> Requirement
All that should be output is the block of lines below from the line with "#102=ORIENTED_EDGE('',*,*,#101,.F.);" to the line with "#144=DIRECTION('',(0.,-1.,0.));", both included, exactly as written.

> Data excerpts
>>>>>

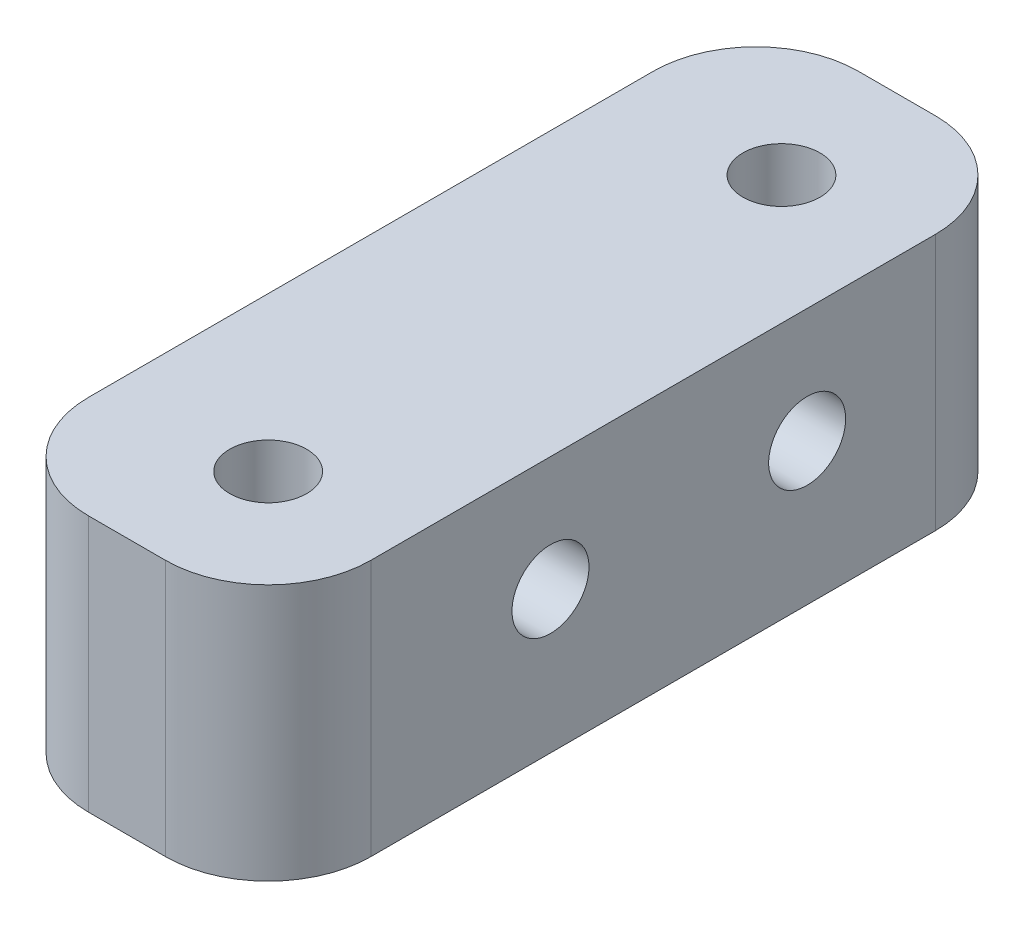
ISO-10303-21;
HEADER;
FILE_DESCRIPTION(('STEP AP214'),'2;1');
FILE_NAME('part.step','',(''),(''),'','','');
FILE_SCHEMA(('AUTOMOTIVE_DESIGN { 1 0 10303 214 1 1 1 1 }'));
ENDSEC;
DATA;
#1=APPLICATION_CONTEXT('core data for automotive mechanical design processes');
#2=APPLICATION_PROTOCOL_DEFINITION('international standard','automotive_design',2000,#1);
#3=PRODUCT_CONTEXT('',#1,'mechanical');
#4=PRODUCT('Part','Part','',(#3));
#5=PRODUCT_RELATED_PRODUCT_CATEGORY('part','',(#4));
#6=PRODUCT_DEFINITION_FORMATION('','',#4);
#7=PRODUCT_DEFINITION_CONTEXT('part definition',#1,'design');
#8=PRODUCT_DEFINITION('design','',#6,#7);
#9=PRODUCT_DEFINITION_SHAPE('','',#8);
#10=(LENGTH_UNIT() NAMED_UNIT(*) SI_UNIT(.MILLI.,.METRE.));
#11=(NAMED_UNIT(*) PLANE_ANGLE_UNIT() SI_UNIT($,.RADIAN.));
#12=(NAMED_UNIT(*) SI_UNIT($,.STERADIAN.) SOLID_ANGLE_UNIT());
#13=UNCERTAINTY_MEASURE_WITH_UNIT(LENGTH_MEASURE(1.E-05),#10,'distance_accuracy_value','');
#14=(GEOMETRIC_REPRESENTATION_CONTEXT(3) GLOBAL_UNCERTAINTY_ASSIGNED_CONTEXT((#13)) GLOBAL_UNIT_ASSIGNED_CONTEXT((#10,
#11,#12)) REPRESENTATION_CONTEXT('',''));
#15=CARTESIAN_POINT('',(0.,0.,0.));
#16=DIRECTION('',(0.,0.,1.));
#17=DIRECTION('',(1.,0.,0.));
#18=AXIS2_PLACEMENT_3D('',#15,#16,#17);
#19=CARTESIAN_POINT('',(0.,10.,0.));
#20=DIRECTION('',(0.,-1.,0.));
#21=DIRECTION('',(0.,0.,-1.));
#22=AXIS2_PLACEMENT_3D('',#19,#20,#21);
#23=PLANE('',#22);
#24=DIRECTION('',(-1.,0.,0.));
#25=VECTOR('',#24,1.);
#26=CARTESIAN_POINT('',(0.,10.,-30.));
#27=LINE('',#26,#25);
#28=CARTESIAN_POINT('',(7.,10.,-30.));
#29=VERTEX_POINT('',#28);
#30=CARTESIAN_POINT('',(4.,10.,-30.));
#31=VERTEX_POINT('',#30);
#32=EDGE_CURVE('E150',#29,#31,#27,.T.);
#33=ORIENTED_EDGE('',*,*,#32,.T.);
#34=CARTESIAN_POINT('',(4.,10.,-26.));
#35=DIRECTION('',(0.,-1.,0.));
#36=DIRECTION('',(0.,0.,-1.));
#37=AXIS2_PLACEMENT_3D('',#34,#35,#36);
#38=CIRCLE('',#37,4.);
#39=CARTESIAN_POINT('',(0.,10.,-26.));
#40=VERTEX_POINT('',#39);
#41=EDGE_CURVE('E168',#31,#40,#38,.F.);
#42=ORIENTED_EDGE('',*,*,#41,.T.);
#43=DIRECTION('',(0.,0.,1.));
#44=VECTOR('',#43,1.);
#45=CARTESIAN_POINT('',(0.,10.,0.));
#46=LINE('',#45,#44);
#47=CARTESIAN_POINT('',(0.,10.,-4.));
#48=VERTEX_POINT('',#47);
#49=EDGE_CURVE('E132',#40,#48,#46,.T.);
#50=ORIENTED_EDGE('',*,*,#49,.T.);
#51=CARTESIAN_POINT('',(4.,10.,-4.));
#52=DIRECTION('',(0.,-1.,0.));
#53=DIRECTION('',(0.,0.,-1.));
#54=AXIS2_PLACEMENT_3D('',#51,#52,#53);
#55=CIRCLE('',#54,4.);
#56=CARTESIAN_POINT('',(4.,10.,0.));
#57=VERTEX_POINT('',#56);
#58=EDGE_CURVE('E164',#48,#57,#55,.F.);
#59=ORIENTED_EDGE('',*,*,#58,.T.);
#60=DIRECTION('',(1.,0.,0.));
#61=VECTOR('',#60,1.);
#62=CARTESIAN_POINT('',(0.,10.,0.));
#63=LINE('',#62,#61);
#64=CARTESIAN_POINT('',(7.,10.,0.));
#65=VERTEX_POINT('',#64);
#66=EDGE_CURVE('E177',#57,#65,#63,.T.);
#67=ORIENTED_EDGE('',*,*,#66,.T.);
#68=CARTESIAN_POINT('',(7.,10.,-4.));
#69=DIRECTION('',(0.,-1.,0.));
#70=DIRECTION('',(0.,0.,-1.));
#71=AXIS2_PLACEMENT_3D('',#68,#69,#70);
#72=CIRCLE('',#71,4.);
#73=CARTESIAN_POINT('',(11.,10.,-4.));
#74=VERTEX_POINT('',#73);
#75=EDGE_CURVE('E67',#65,#74,#72,.F.);
#76=ORIENTED_EDGE('',*,*,#75,.T.);
#77=DIRECTION('',(0.,0.,-1.));
#78=VECTOR('',#77,1.);
#79=CARTESIAN_POINT('',(11.,10.,0.));
#80=LINE('',#79,#78);
#81=CARTESIAN_POINT('',(11.,10.,-26.));
#82=VERTEX_POINT('',#81);
#83=EDGE_CURVE('E183',#74,#82,#80,.T.);
#84=ORIENTED_EDGE('',*,*,#83,.T.);
#85=CARTESIAN_POINT('',(7.,10.,-26.));
#86=DIRECTION('',(0.,-1.,0.));
#87=DIRECTION('',(0.,0.,-1.));
#88=AXIS2_PLACEMENT_3D('',#85,#86,#87);
#89=CIRCLE('',#88,4.);
#90=EDGE_CURVE('E166',#82,#29,#89,.F.);
#91=ORIENTED_EDGE('',*,*,#90,.T.);
#92=EDGE_LOOP('',(#33,#42,#50,#59,#67,#76,#84,#91));
#93=FACE_BOUND('',#92,.T.);
#94=CARTESIAN_POINT('',(5.99999999999999,10.,-25.));
#95=DIRECTION('',(0.,1.,0.));
#96=DIRECTION('',(0.,0.,1.));
#97=AXIS2_PLACEMENT_3D('',#94,#95,#96);
#98=CIRCLE('',#97,1.5);
#99=CARTESIAN_POINT('',(5.99999999999999,10.,-23.5));
#100=VERTEX_POINT('',#99);
#101=EDGE_CURVE('E141',#100,#100,#98,.T.);
#102=ORIENTED_EDGE('',*,*,#101,.F.);
#103=EDGE_LOOP('',(#102));
#104=FACE_BOUND('',#103,.T.);
#105=CARTESIAN_POINT('',(6.,10.,-5.));
#106=DIRECTION('',(0.,1.,0.));
#107=DIRECTION('',(0.,0.,1.));
#108=AXIS2_PLACEMENT_3D('',#105,#106,#107);
#109=CIRCLE('',#108,1.5);
#110=CARTESIAN_POINT('',(6.,10.,-3.5));
#111=VERTEX_POINT('',#110);
#112=EDGE_CURVE('E198',#111,#111,#109,.T.);
#113=ORIENTED_EDGE('',*,*,#112,.F.);
#114=EDGE_LOOP('',(#113));
#115=FACE_BOUND('',#114,.T.);
#116=ADVANCED_FACE('F45',(#93,#104,#115),#23,.F.);
#117=CARTESIAN_POINT('',(0.,0.,0.));
#118=DIRECTION('',(0.,-1.,0.));
#119=DIRECTION('',(0.,0.,-1.));
#120=AXIS2_PLACEMENT_3D('',#117,#118,#119);
#121=PLANE('',#120);
#122=CARTESIAN_POINT('',(5.99999999999999,0.,-25.));
#123=DIRECTION('',(0.,1.,0.));
#124=DIRECTION('',(0.,0.,1.));
#125=AXIS2_PLACEMENT_3D('',#122,#123,#124);
#126=CIRCLE('',#125,1.5);
#127=CARTESIAN_POINT('',(5.99999999999999,0.,-23.5));
#128=VERTEX_POINT('',#127);
#129=EDGE_CURVE('E147',#128,#128,#126,.T.);
#130=ORIENTED_EDGE('',*,*,#129,.T.);
#131=EDGE_LOOP('',(#130));
#132=FACE_BOUND('',#131,.T.);
#133=DIRECTION('',(0.,0.,1.));
#134=VECTOR('',#133,1.);
#135=CARTESIAN_POINT('',(0.,0.,0.));
#136=LINE('',#135,#134);
#137=CARTESIAN_POINT('',(0.,0.,-26.));
#138=VERTEX_POINT('',#137);
#139=CARTESIAN_POINT('',(0.,0.,-4.));
#140=VERTEX_POINT('',#139);
#141=EDGE_CURVE('E129',#138,#140,#136,.T.);
#142=ORIENTED_EDGE('',*,*,#141,.F.);
#143=CARTESIAN_POINT('',(4.,0.,-26.));
#144=DIRECTION('',(0.,-1.,0.));
#145=DIRECTION('',(0.,0.,-1.));
#146=AXIS2_PLACEMENT_3D('',#143,#144,#145);
#147=CIRCLE('',#146,4.);
#148=CARTESIAN_POINT('',(4.,0.,-30.));
#149=VERTEX_POINT('',#148);
#150=EDGE_CURVE('E112',#138,#149,#147,.T.);
#151=ORIENTED_EDGE('',*,*,#150,.T.);
#152=DIRECTION('',(-1.,0.,0.));
#153=VECTOR('',#152,1.);
#154=CARTESIAN_POINT('',(0.,0.,-30.));
#155=LINE('',#154,#153);
#156=CARTESIAN_POINT('',(7.,0.,-30.));
#157=VERTEX_POINT('',#156);
#158=EDGE_CURVE('E154',#157,#149,#155,.T.);
#159=ORIENTED_EDGE('',*,*,#158,.F.);
#160=CARTESIAN_POINT('',(7.,0.,-26.));
#161=DIRECTION('',(0.,-1.,0.));
#162=DIRECTION('',(0.,0.,-1.));
#163=AXIS2_PLACEMENT_3D('',#160,#161,#162);
#164=CIRCLE('',#163,4.);
#165=CARTESIAN_POINT('',(11.,0.,-26.));
#166=VERTEX_POINT('',#165);
#167=EDGE_CURVE('E123',#157,#166,#164,.T.);
#168=ORIENTED_EDGE('',*,*,#167,.T.);
#169=DIRECTION('',(0.,0.,-1.));
#170=VECTOR('',#169,1.);
#171=CARTESIAN_POINT('',(11.,0.,0.));
#172=LINE('',#171,#170);
#173=CARTESIAN_POINT('',(11.,0.,-4.));
#174=VERTEX_POINT('',#173);
#175=EDGE_CURVE('E144',#174,#166,#172,.T.);
#176=ORIENTED_EDGE('',*,*,#175,.F.);
#177=CARTESIAN_POINT('',(7.,0.,-4.));
#178=DIRECTION('',(0.,-1.,0.));
#179=DIRECTION('',(0.,0.,-1.));
#180=AXIS2_PLACEMENT_3D('',#177,#178,#179);
#181=CIRCLE('',#180,4.);
#182=CARTESIAN_POINT('',(7.,0.,0.));
#183=VERTEX_POINT('',#182);
#184=EDGE_CURVE('E133',#174,#183,#181,.T.);
#185=ORIENTED_EDGE('',*,*,#184,.T.);
#186=DIRECTION('',(1.,0.,0.));
#187=VECTOR('',#186,1.);
#188=CARTESIAN_POINT('',(0.,0.,0.));
#189=LINE('',#188,#187);
#190=CARTESIAN_POINT('',(4.,0.,0.));
#191=VERTEX_POINT('',#190);
#192=EDGE_CURVE('E140',#191,#183,#189,.T.);
#193=ORIENTED_EDGE('',*,*,#192,.F.);
#194=CARTESIAN_POINT('',(4.,0.,-4.));
#195=DIRECTION('',(0.,-1.,0.));
#196=DIRECTION('',(0.,0.,-1.));
#197=AXIS2_PLACEMENT_3D('',#194,#195,#196);
#198=CIRCLE('',#197,4.);
#199=EDGE_CURVE('E139',#191,#140,#198,.T.);
#200=ORIENTED_EDGE('',*,*,#199,.T.);
#201=EDGE_LOOP('',(#142,#151,#159,#168,#176,#185,#193,#200));
#202=FACE_BOUND('',#201,.T.);
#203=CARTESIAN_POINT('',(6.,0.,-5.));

<<<<<

> Written reply
#102=ORIENTED_EDGE('',*,*,#101,.F.);
#103=EDGE_LOOP('',(#102));
#104=FACE_BOUND('',#103,.T.);
#105=CARTESIAN_POINT('',(6.,10.,-5.));
#106=DIRECTION('',(0.,1.,0.));
#107=DIRECTION('',(0.,0.,1.));
#108=AXIS2_PLACEMENT_3D('',#105,#106,#107);
#109=CIRCLE('',#108,1.5);
#110=CARTESIAN_POINT('',(6.,10.,-3.5));
#111=VERTEX_POINT('',#110);
#112=EDGE_CURVE('E198',#111,#111,#109,.T.);
#113=ORIENTED_EDGE('',*,*,#112,.F.);
#114=EDGE_LOOP('',(#113));
#115=FACE_BOUND('',#114,.T.);
#116=ADVANCED_FACE('F45',(#93,#104,#115),#23,.F.);
#117=CARTESIAN_POINT('',(0.,0.,0.));
#118=DIRECTION('',(0.,-1.,0.));
#119=DIRECTION('',(0.,0.,-1.));
#120=AXIS2_PLACEMENT_3D('',#117,#118,#119);
#121=PLANE('',#120);
#122=CARTESIAN_POINT('',(5.99999999999999,0.,-25.));
#123=DIRECTION('',(0.,1.,0.));
#124=DIRECTION('',(0.,0.,1.));
#125=AXIS2_PLACEMENT_3D('',#122,#123,#124);
#126=CIRCLE('',#125,1.5);
#127=CARTESIAN_POINT('',(5.99999999999999,0.,-23.5));
#128=VERTEX_POINT('',#127);
#129=EDGE_CURVE('E147',#128,#128,#126,.T.);
#130=ORIENTED_EDGE('',*,*,#129,.T.);
#131=EDGE_LOOP('',(#130));
#132=FACE_BOUND('',#131,.T.);
#133=DIRECTION('',(0.,0.,1.));
#134=VECTOR('',#133,1.);
#135=CARTESIAN_POINT('',(0.,0.,0.));
#136=LINE('',#135,#134);
#137=CARTESIAN_POINT('',(0.,0.,-26.));
#138=VERTEX_POINT('',#137);
#139=CARTESIAN_POINT('',(0.,0.,-4.));
#140=VERTEX_POINT('',#139);
#141=EDGE_CURVE('E129',#138,#140,#136,.T.);
#142=ORIENTED_EDGE('',*,*,#141,.F.);
#143=CARTESIAN_POINT('',(4.,0.,-26.));
#144=DIRECTION('',(0.,-1.,0.));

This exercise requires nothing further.